La prima cosa che salta all’occhio è che di default, tutte le immagini “intermedie” sono nascoste.

Mostrare le immagini Nascoste

Per accedere a tutte le immagini, comprese quelle intermedie, è necessario utilizzare un flag –all (o -a nella versione compatta).
Per il momento non è necessario approfondire la questione, sarà tutto più chiaro quando verrà affrontata la creazione delle immagini, tuttavia è possibile trovare ulteriori informazioni a questo link.

Filtri sulla lista delle immagini

Il flag –filter ( o -f nella versione compatta) permette di specificare quali immagini mostrare a seconda di alcune caratteristiche. In questo momento sono disponibili sono tre opzioni:

  1. dangling=<booleano>
  2. before=<hash_immagine>
  3. since=<hash_immagine>

Nel primo caso, eseguendo:

docker image ls --filter dangling=true

si ottiene un elenco delle immagini create e poi sostituite. Queste immagini non saranno mai parte di un container.
La creazione di questo tipo di immagini è frequente nel processo di sviluppo, dove si creano molte immagini in sequenza e alcune rimangono inutilizzate nelle versioni successive. È possibile riconoscere queste immagini con un docker image ls perché avranno la colonna “NAME” valorizzata a “none”.

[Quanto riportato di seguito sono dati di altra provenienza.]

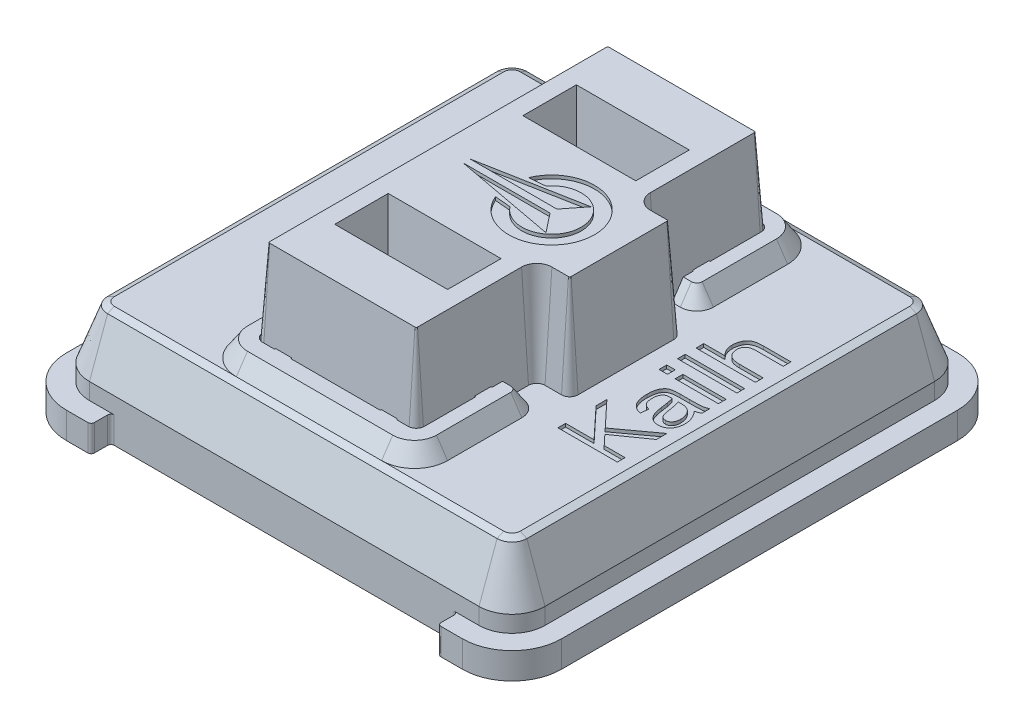
from build123d import *
from OCP.BRepFilletAPI import BRepFilletAPI_MakeChamfer

# Parameters (mm, degrees)
BOSS_EXTRUDE4_DEPTH     = 0.4
BOSS_EXTRUDE5_DEPTH     = 0.5
BOSS_EXTRUDE6_DEPTH     = 1.6
BOSS_EXTRUDE6_TAPER     = 20.000000000000043
CHAMFER1_SIZE           = 0.1
CHAMFER1_SIZE2          = 0.16731571851014881
BOSS_EXTRUDE7_DEPTH     = 0.5
BOSS_EXTRUDE7_TAPER     = 34.000000000000064
CUT_EXTRUDE1_DEPTH      = 11.995908329919814
BOSS_EXTRUDE8_DEPTH     = 0.5
BOSS_EXTRUDE9_DEPTH     = 3
BOSS_EXTRUDE9_DRAFT     = 4.000000000000004
SKETCH13_W              = 1.799999999999999
SKETCH13_H              = 0.23376623376623384
SKETCH13_W_2            = 1.3090909090909086
SKETCH13_H_2            = 0.23376623376623368
SKETCH13_W_3            = 0.25714285714285623
CUT_EXTRUDE2_DEPTH      = 0.1
CUT_EXTRUDE3_DEPTH      = 0.1
BOSS_EXTRUDE10_START    = 1.3
BOSS_EXTRUDE10_DEPTH    = 1.3
BOSS_EXTRUDE11_DEPTH    = 0.9000000000000002
BOSS_EXTRUDE11_TAPER    = 25.000000000000018
CUT_EXTRUDE4_DEPTH      = 4
SKETCH19_R              = 1.6
SKETCH19_R_2            = 0.8999999999999999
BOSS_EXTRUDE12_DEPTH    = 2.65
CHAMFER2_SIZE           = 0.5
SKETCH20_W              = 0.34999999999999964
SKETCH20_H              = 1.15
SKETCH20_W_2            = 0.5
SKETCH20_H_2            = 0.8499999999999996
BOSS_EXTRUDE13_DEPTH    = 3
CUT_EXTRUDE5_REACH      = 18.489
BOSS_EXTRUDE14_START    = 2
BOSS_EXTRUDE14_DEPTH    = 3
MIRROR2_START           = 2
MIRROR2_COPY_1_DEPTH    = 3
CUT_EXTRUDE6_REACH      = 14.137
SKETCH23_W              = 10.5
SKETCH23_H              = 0.599999999999997
FILLET1_R               = 0.1
ESQUISSE1_W             = 16.584048611465096
ESQUISSE1_H             = 15.552754131229735
ENL_V_MAT_EXTRU_1_DEPTH = 10


with BuildPart() as part:
    # Sketch5 → Boss-Extrude4 (new, symmetric)
    with BuildSketch(Plane(origin=(0, 0, 0), x_dir=(1, 0, 0), z_dir=(0, 1, 0))):
        with BuildLine():
            Line((5.999999999999988, -7.4999999999999964), (-5.999999999999988, -7.4999999999999964))
            ThreePointArc((-5.999999999999988, -7.4999999999999964), (-7.06066017177982, -7.060660171779818), (-7.499999999999999, -5.999999999999986))
            Line((-7.499999999999999, -5.999999999999986), (-7.499999999999999, 5.999999999999986))
            ThreePointArc((-7.499999999999999, 5.999999999999986), (-7.06066017177982, 7.060660171779818), (-5.999999999999988, 7.4999999999999964))
            Line((-5.999999999999988, 7.4999999999999964), (5.999999999999988, 7.4999999999999964))
            ThreePointArc((5.999999999999988, 7.4999999999999964), (7.06066017177982, 7.060660171779817), (7.499999999999999, 5.999999999999986))
            Line((7.499999999999999, 5.999999999999986), (7.499999999999999, -5.999999999999986))
            ThreePointArc((7.499999999999999, -5.999999999999986), (7.06066017177982, -7.060660171779817), (5.999999999999988, -7.4999999999999964))
        make_face()
    extrude(amount=BOSS_EXTRUDE4_DEPTH, both=True)

    # Sketch6 → Boss-Extrude5 (add)
    with BuildSketch(Plane(origin=(0, 0.4, 0), x_dir=(1, 0, 0), z_dir=(0, 1, 0))):
        with BuildLine():
            Line((5.899999999999993, -6.900000000000001), (-5.899999999999995, -6.900000000000001))
            ThreePointArc((-5.899999999999995, -6.900000000000001), (-6.607106781186548, -6.607106781186549), (-6.900000000000001, -5.899999999999995))
            Line((-6.900000000000001, -5.899999999999995), (-6.900000000000001, 5.899999999999992))
            ThreePointArc((-6.900000000000001, 5.899999999999992), (-6.607106781186548, 6.6071067811865465), (-5.899999999999995, 6.899999999999999))
            Line((-5.899999999999995, 6.899999999999999), (5.899999999999992, 6.899999999999999))
            ThreePointArc((5.899999999999992, 6.899999999999999), (6.6071067811865465, 6.6071067811865465), (6.899999999999999, 5.899999999999992))
            Line((6.899999999999999, 5.899999999999992), (6.8999999999999995, -5.899999999999995))
            ThreePointArc((6.8999999999999995, -5.899999999999995), (6.607106781186547, -6.607106781186548), (5.899999999999993, -6.900000000000001))
        make_face()
    extrude(amount=BOSS_EXTRUDE5_DEPTH)

    # Sketch7 → Boss-Extrude6 (add)
    with BuildSketch(Plane(origin=(0, 0.9, 0), x_dir=(1, 0, 0), z_dir=(0, 1, 0))):
        with BuildLine():
            Line((-6.900000000000001, 5.899999999999992), (-6.900000000000001, -5.899999999999995))
            ThreePointArc((-6.900000000000001, -5.899999999999995), (-6.607106781186549, -6.607106781186548), (-5.899999999999995, -6.900000000000001))
            Line((-5.899999999999995, -6.900000000000001), (5.899999999999993, -6.900000000000001))
            ThreePointArc((5.899999999999993, -6.900000000000001), (6.607106781186547, -6.607106781186548), (6.8999999999999995, -5.899999999999995))
            Line((6.8999999999999995, -5.899999999999995), (6.899999999999999, 5.899999999999992))
            ThreePointArc((6.899999999999999, 5.899999999999992), (6.6071067811865465, 6.6071067811865465), (5.899999999999992, 6.899999999999999))
            Line((5.899999999999992, 6.899999999999999), (-5.899999999999995, 6.899999999999999))
            ThreePointArc((-5.899999999999995, 6.899999999999999), (-6.607106781186548, 6.6071067811865465), (-6.900000000000001, 5.899999999999992))
        make_face()
    extrude(amount=BOSS_EXTRUDE6_DEPTH, taper=BOSS_EXTRUDE6_TAPER)

    # Chamfer1: one chamfer whose edges measure the first distance from different faces: ONE call of the kernel's chamfer builder (chamfer() names one face for all edges)
    chamfer1_edges_1 = [part.edges().sort_by_distance(p)[0] for p in [
        (-6.195321467907047, 2.5, -6.1953214679070445),
    ]]
    chamfer1_side_1 = [part.faces().sort_by_distance(p)[0] for p in [
        (-6.401214124546798, 1.7000000000000002, -6.4012141245467955),
    ]]
    chamfer1_edges_2 = [part.edges().sort_by_distance(p)[0] for p in [
        (-6.317647625174076, 2.5, 1.38e-15),
    ]]
    chamfer1_side_2 = [part.faces().sort_by_distance(p)[0] for p in [
        (-6.608823812587039, 1.7, 1.04e-15),
    ]]
    chamfer1_edges_3 = [part.edges().sort_by_distance(p)[0] for p in [
        (-6.195321467907047, 2.5, 6.195321467907046),
    ]]
    chamfer1_side_3 = [part.faces().sort_by_distance(p)[0] for p in [
        (-6.401214124546797, 1.7000000000000002, 6.401214124546797),
    ]]
    chamfer1_edges_4 = [part.edges().sort_by_distance(p)[0] for p in [
        (-1.3e-15, 2.5, 6.317647625174076),
    ]]
    chamfer1_side_4 = [part.faces().sort_by_distance(p)[0] for p in [
        (-8.5e-16, 1.7, 6.608823812587039),
    ]]
    chamfer1_edges_5 = [part.edges().sort_by_distance(p)[0] for p in [
        (6.1953214679070445, 2.5, 6.195321467907047),
    ]]
    chamfer1_side_5 = [part.faces().sort_by_distance(p)[0] for p in [
        (6.4012141245467955, 1.7000000000000002, 6.401214124546797),
    ]]
    chamfer1_edges_6 = [part.edges().sort_by_distance(p)[0] for p in [
        (6.317647625174073, 2.5, -3.9e-16),
    ]]
    chamfer1_side_6 = [part.faces().sort_by_distance(p)[0] for p in [
        (6.608823812587037, 1.7000000000000002, 7e-16),
    ]]
    chamfer1_edges_7 = [part.edges().sort_by_distance(p)[0] for p in [
        (6.195321467907045, 2.5, -6.1953214679070445),
    ]]
    chamfer1_side_7 = [part.faces().sort_by_distance(p)[0] for p in [
        (6.4012141245467955, 1.7000000000000002, -6.4012141245467955),
    ]]
    chamfer1_edges_8 = [part.edges().sort_by_distance(p)[0] for p in [
        (-4.1e-16, 2.5, -6.317647625174073),
    ]]
    chamfer1_side_8 = [part.faces().sort_by_distance(p)[0] for p in [
        (-8.5e-16, 1.7, -6.608823812587036),
    ]]
    chamfer1 = BRepFilletAPI_MakeChamfer(part.part.solid().wrapped)
    for e in chamfer1_edges_1:
        chamfer1.Add(CHAMFER1_SIZE, CHAMFER1_SIZE2, e.wrapped, chamfer1_side_1[0].wrapped)  # the first distance lies on this face
    for e in chamfer1_edges_2:
        chamfer1.Add(CHAMFER1_SIZE, CHAMFER1_SIZE2, e.wrapped, chamfer1_side_2[0].wrapped)  # the first distance lies on this face
    for e in chamfer1_edges_3:
        chamfer1.Add(CHAMFER1_SIZE, CHAMFER1_SIZE2, e.wrapped, chamfer1_side_3[0].wrapped)  # the first distance lies on this face
    for e in chamfer1_edges_4:
        chamfer1.Add(CHAMFER1_SIZE, CHAMFER1_SIZE2, e.wrapped, chamfer1_side_4[0].wrapped)  # the first distance lies on this face
    for e in chamfer1_edges_5:
        chamfer1.Add(CHAMFER1_SIZE, CHAMFER1_SIZE2, e.wrapped, chamfer1_side_5[0].wrapped)  # the first distance lies on this face
    for e in chamfer1_edges_6:
        chamfer1.Add(CHAMFER1_SIZE, CHAMFER1_SIZE2, e.wrapped, chamfer1_side_6[0].wrapped)  # the first distance lies on this face
    for e in chamfer1_edges_7:
        chamfer1.Add(CHAMFER1_SIZE, CHAMFER1_SIZE2, e.wrapped, chamfer1_side_7[0].wrapped)  # the first distance lies on this face
    for e in chamfer1_edges_8:
        chamfer1.Add(CHAMFER1_SIZE, CHAMFER1_SIZE2, e.wrapped, chamfer1_side_8[0].wrapped)  # the first distance lies on this face
    add(Compound.cast(chamfer1.Shape()), mode=Mode.REPLACE)

    # Sketch8 → Boss-Extrude7 (add)
    with BuildSketch(Plane(origin=(0, 2.5, 0), x_dir=(1, 0, 0), z_dir=(0, 1, 0))):
        with BuildLine():
            ThreePointArc((2.1999999999999926, -6.150331906663926), (2.907106781186547, -5.857438687850474), (3.1999999999999997, -5.150331906663919))
            Line((3.1999999999999997, -5.150331906663919), (3.1999999999999997, -2.9003319066639257))
            ThreePointArc((3.1999999999999997, -2.9003319066639257), (3.0535533905932737, -2.5467785160706518), (2.6999999999999997, -2.4003319066639257))
            Line((2.6999999999999997, -2.4003319066639257), (2.3000000000000003, -2.4003319066639257))
            Line((2.3000000000000003, -2.4003319066639257), (2.3, 2.4003319066639257))
            Line((2.3, 2.4003319066639257), (2.699999999999996, 2.4003319066639257))
            ThreePointArc((2.699999999999996, 2.4003319066639257), (3.0535533905932737, 2.5467785160706518), (3.1999999999999997, 2.9003319066639293))
            Line((3.1999999999999997, 2.9003319066639293), (3.1999999999999997, 5.150331906663919))
            ThreePointArc((3.1999999999999997, 5.150331906663919), (2.907106781186547, 5.857438687850474), (2.1999999999999926, 6.150331906663926))
            Line((2.1999999999999926, 6.150331906663926), (-2.1999999999999935, 6.150331906663926))
            ThreePointArc((-2.1999999999999935, 6.150331906663926), (-2.907106781186548, 5.857438687850474), (-3.2000000000000006, 5.150331906663919))
            Line((-3.2000000000000006, 5.150331906663919), (-3.2000000000000006, -5.150331906663919))
            ThreePointArc((-3.2000000000000006, -5.150331906663919), (-2.907106781186548, -5.857438687850474), (-2.1999999999999935, -6.150331906663926))
            Line((-2.1999999999999935, -6.150331906663926), (2.1999999999999926, -6.150331906663926))
        make_face()
    extrude(amount=BOSS_EXTRUDE7_DEPTH, taper=BOSS_EXTRUDE7_TAPER)

    # Sketch9 → Cut-Extrude1 (cut, through all)
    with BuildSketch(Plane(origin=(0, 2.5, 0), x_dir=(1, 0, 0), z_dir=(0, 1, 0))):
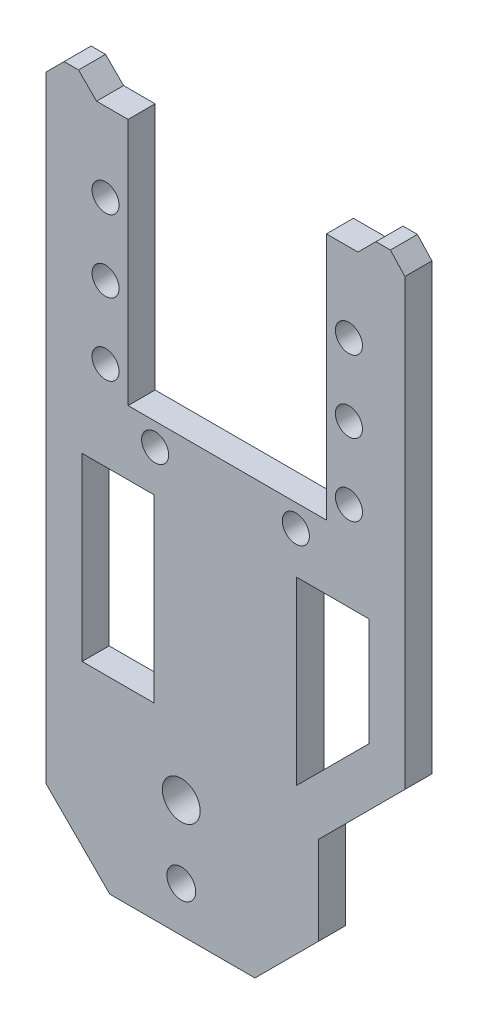
from build123d import *

# Parameters (mm, degrees)
IZIM1_R                     = 2.1
IZIM1_R_2                   = 1.6
Y_KSEKLIK_EKSTR_ZYON1_DEPTH = 3
Y_KSEKLIK_EKSTR_ZYON2_DEPTH = 3
IZIM5_R                     = 1.5
KES_EKSTR_ZYON1_DEPTH       = 4
SKETCH3_W                   = 8
SKETCH3_H                   = 20
CUT_EXTRUDE1_DEPTH          = 10


with BuildPart() as part:
    # Çizim1 → Yükseklik-Ekstrüzyon1 (new body)
    with BuildSketch(Plane.XY.offset(3)):
        with BuildLine():
            Line((-20.1, -15), (-20.1, -83.384802))
            Line((-20.1, -83.384802), (-13.028932188, -90.455869812))
            Line((-13.028932188, -90.455869812), (3.075751729, -90.455869812))
            Line((3.075751729, -90.455869812), (10.146819541, -83.384802))
            Line((10.146819541, -83.384802), (10.146819541, -73.586547015))
            Line((10.146819541, -73.586547015), (19.709913851, -64.023452705))
            Line((19.709913851, -64.023452705), (19.709913851, -14.740055992))
            Line((19.709913851, -14.740055992), (18.1, -13))
            Line((18.1, -13), (16.5, -13))
            Line((16.5, -13), (14.5, -15))
            Line((14.5, -15), (14.5, -41.5))
            ThreePointArc((14.5, -41.5), (14.207106781, -42.207106781), (13.5, -42.5))
            Line((13.5, -42.5), (-13.5, -42.5))
            ThreePointArc((-13.5, -42.5), (-14.207106781, -42.207106781), (-14.5, -41.5))
            Line((-14.5, -41.5), (-14.5, -15))
            Line((-14.5, -15), (-16.5, -13))
            Line((-16.5, -13), (-18.1, -13))
            Line((-18.1, -13), (-20.1, -15))
        make_face()
        with Locations((-5.1, -77.455869812)):
            Circle(IZIM1_R, mode=Mode.SUBTRACT)
        with Locations((-5.1, -85.455869812)):
            Circle(IZIM1_R_2, mode=Mode.SUBTRACT)
    extrude(amount=-Y_KSEKLIK_EKSTR_ZYON1_DEPTH)

    # Çizim4 → Yükseklik-Ekstrüzyon2 (add)
    with BuildSketch(Plane.XY.offset(3)):
        Polygon((-16.5, -13), (-14.5, -15), (-11, -15), (-11, -42.5), (11, -42.5), (11, -15), (14.5, -15), (16.5, -13), (16.5, -43.147363563), (-16.5, -43.147363563), align=None)
    extrude(amount=-Y_KSEKLIK_EKSTR_ZYON2_DEPTH)

    # Çizim5 → Kes-Ekstrüzyon1 (cut)
    with BuildSketch(Plane(origin=(0, 0, 0), x_dir=(-1, 0, 0), z_dir=(0, 0, -1))):
        with Locations((-13.5, -23.75)):
            Circle(IZIM5_R)
        with Locations((-13.5, -31.75)):
            Circle(IZIM5_R)
        with Locations((-13.5, -39.75)):
            Circle(IZIM5_R)
        with Locations((-7.609913851, -45)):
            Circle(IZIM5_R)
        with Locations((8, -45)):
            Circle(IZIM5_R)
        with Locations((13.5, -39.75)):
            Circle(IZIM5_R)
        with Locations((13.5, -31.75)):
            Circle(IZIM5_R)
        with Locations((13.5, -23.75)):
            Circle(IZIM5_R)
    extrude(amount=-KES_EKSTR_ZYON1_DEPTH, mode=Mode.SUBTRACT)

    # Sketch3 → Cut-Extrude1 (cut)
    with BuildSketch(Plane(origin=(0, 0, 0), x_dir=(-1, 0, 0), z_dir=(0, 0, -1))):
        with Locations((12.1, -59.633395866)):
            Rectangle(SKETCH3_W, SKETCH3_H)
        Polygon((-15.709913851, -49.633395866), (-15.709913851, -61.633395866), (-7.709913851, -69.633395866), (-7.709913851, -49.633395866), align=None)
    extrude(amount=-CUT_EXTRUDE1_DEPTH, mode=Mode.SUBTRACT)


solid = part.part
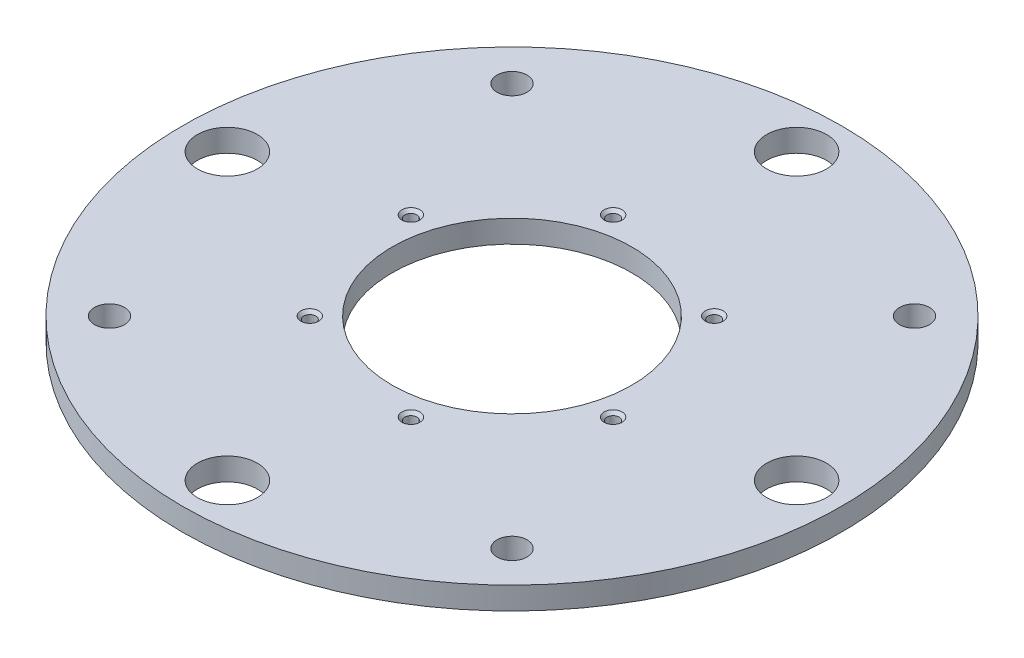
from build123d import *

# Parameters (mm, degrees)
SKETCH2_R                        = 139.7
SKETCH2_R_2                      = 50.8
BOSS_EXTRUDE1_DEPTH              = 9.525
SKETCH3_R                        = 12.6746
SKETCH3_R_2                      = 6.35
CUT_EXTRUDE2_DEPTH               = 10.525
F_1_4_20_TAPPED_HOLE1_AT_2_COUNT = 2
F_1_4_20_TAPPED_HOLE1_AT_2_PITCH = 60.61075
F_1_4_20_TAPPED_HOLE1_AT_3_COUNT = 2
F_1_4_20_TAPPED_HOLE1_AT_3_PITCH = 104.980898485
F_1_4_20_TAPPED_HOLE1_AT_4_COUNT = 2
F_1_4_20_TAPPED_HOLE1_AT_4_PITCH = 121.2215
F_1_4_20_TAPPED_HOLE1_AT_5_COUNT = 2
F_1_4_20_TAPPED_HOLE1_AT_5_PITCH = 104.980898485
F_1_4_20_TAPPED_HOLE1_AT_6_COUNT = 2
F_1_4_20_TAPPED_HOLE1_AT_6_PITCH = 60.61075


with BuildPart() as part:
    # Sketch2 → Boss-Extrude1 (new body)
    with BuildSketch(Plane(origin=(0, 0, 0), x_dir=(1, 0, 0), z_dir=(0, 1, 0))):
        Circle(SKETCH2_R)
        Circle(SKETCH2_R_2, mode=Mode.SUBTRACT)
    extrude(amount=BOSS_EXTRUDE1_DEPTH)

    # Sketch3 → Cut-Extrude2 (cut, through all)
    with BuildSketch(Plane(origin=(0, 9.525, 0), x_dir=(1, 0, 0), z_dir=(0, 1, 0))):
        with Locations((0, 120.65)):
            Circle(SKETCH3_R)
        with Locations((120.65, 0)):
            Circle(SKETCH3_R)
        with Locations((0, -120.65)):
            Circle(SKETCH3_R)
        with Locations((-120.65, 0)):
            Circle(SKETCH3_R)
        with Locations((85.31243315, 85.31243315)):
            Circle(SKETCH3_R_2)
        with Locations((85.31243315, -85.31243315)):
            Circle(SKETCH3_R_2)
        with Locations((-85.31243315, -85.31243315)):
            Circle(SKETCH3_R_2)
        with Locations((-85.31243315, 85.31243315)):
            Circle(SKETCH3_R_2)
    extrude(amount=-CUT_EXTRUDE2_DEPTH, mode=Mode.SUBTRACT)

    # Sketch6 → 1/4-20 Tapped Hole1 (revolve, cut)
    with BuildSketch(Plane(origin=(-58.545488776, 9.525, -15.687216438), x_dir=(0, 0, 1), z_dir=(1, 0, 0))):
        Polygon((0, 0), (0, 9.525), (3.81, 9.525), (2.5527, 8.2677), (2.5527, 1.2573), (3.81, 0), align=None)
    f_1_4_20_tapped_hole1 = revolve(axis=Axis((-58.545488776, 15.875, -15.687216438), (0, -1, 0)), mode=Mode.SUBTRACT)

    # 1/4-20 Tapped Hole1 at 2: 1/4-20 Tapped Hole1 ×2
    with Locations(*[Vector(0.707106781, 0, -0.707106781) * (i * F_1_4_20_TAPPED_HOLE1_AT_2_PITCH) for i in range(1, F_1_4_20_TAPPED_HOLE1_AT_2_COUNT)]):
        add(f_1_4_20_tapped_hole1, mode=Mode.SUBTRACT)

    # 1/4-20 Tapped Hole1 at 3: 1/4-20 Tapped Hole1 ×2
    with Locations(*[Vector(0.965925826, 0, -0.258819045) * (i * F_1_4_20_TAPPED_HOLE1_AT_3_PITCH) for i in range(1, F_1_4_20_TAPPED_HOLE1_AT_3_COUNT)]):
        add(f_1_4_20_tapped_hole1, mode=Mode.SUBTRACT)

    # 1/4-20 Tapped Hole1 at 4: 1/4-20 Tapped Hole1 ×2
    with Locations(*[Vector(0.965925826, 0, 0.258819045) * (i * F_1_4_20_TAPPED_HOLE1_AT_4_PITCH) for i in range(1, F_1_4_20_TAPPED_HOLE1_AT_4_COUNT)]):
        add(f_1_4_20_tapped_hole1, mode=Mode.SUBTRACT)

    # 1/4-20 Tapped Hole1 at 5: 1/4-20 Tapped Hole1 ×2
    with Locations(*[Vector(0.707106781, 0, 0.707106781) * (i * F_1_4_20_TAPPED_HOLE1_AT_5_PITCH) for i in range(1, F_1_4_20_TAPPED_HOLE1_AT_5_COUNT)]):
        add(f_1_4_20_tapped_hole1, mode=Mode.SUBTRACT)

    # 1/4-20 Tapped Hole1 at 6: 1/4-20 Tapped Hole1 ×2
    with Locations(*[Vector(0.258819045, 0, 0.965925826) * (i * F_1_4_20_TAPPED_HOLE1_AT_6_PITCH) for i in range(1, F_1_4_20_TAPPED_HOLE1_AT_6_COUNT)]):
        add(f_1_4_20_tapped_hole1, mode=Mode.SUBTRACT)


solid = part.part

È altresì presente il comando simmetrico che permette di visualizzare solo le immagini che non sono rimaste “pendenti”.

I filtri before e since sono molto più semplici, eseguendo:

docker image ls --filter before=14b3ad

Si ottiene una lista di tutte le immagini presenti nel repository locale che sono state create prima dell’immagine con l’hash che inizia con 14b3ad.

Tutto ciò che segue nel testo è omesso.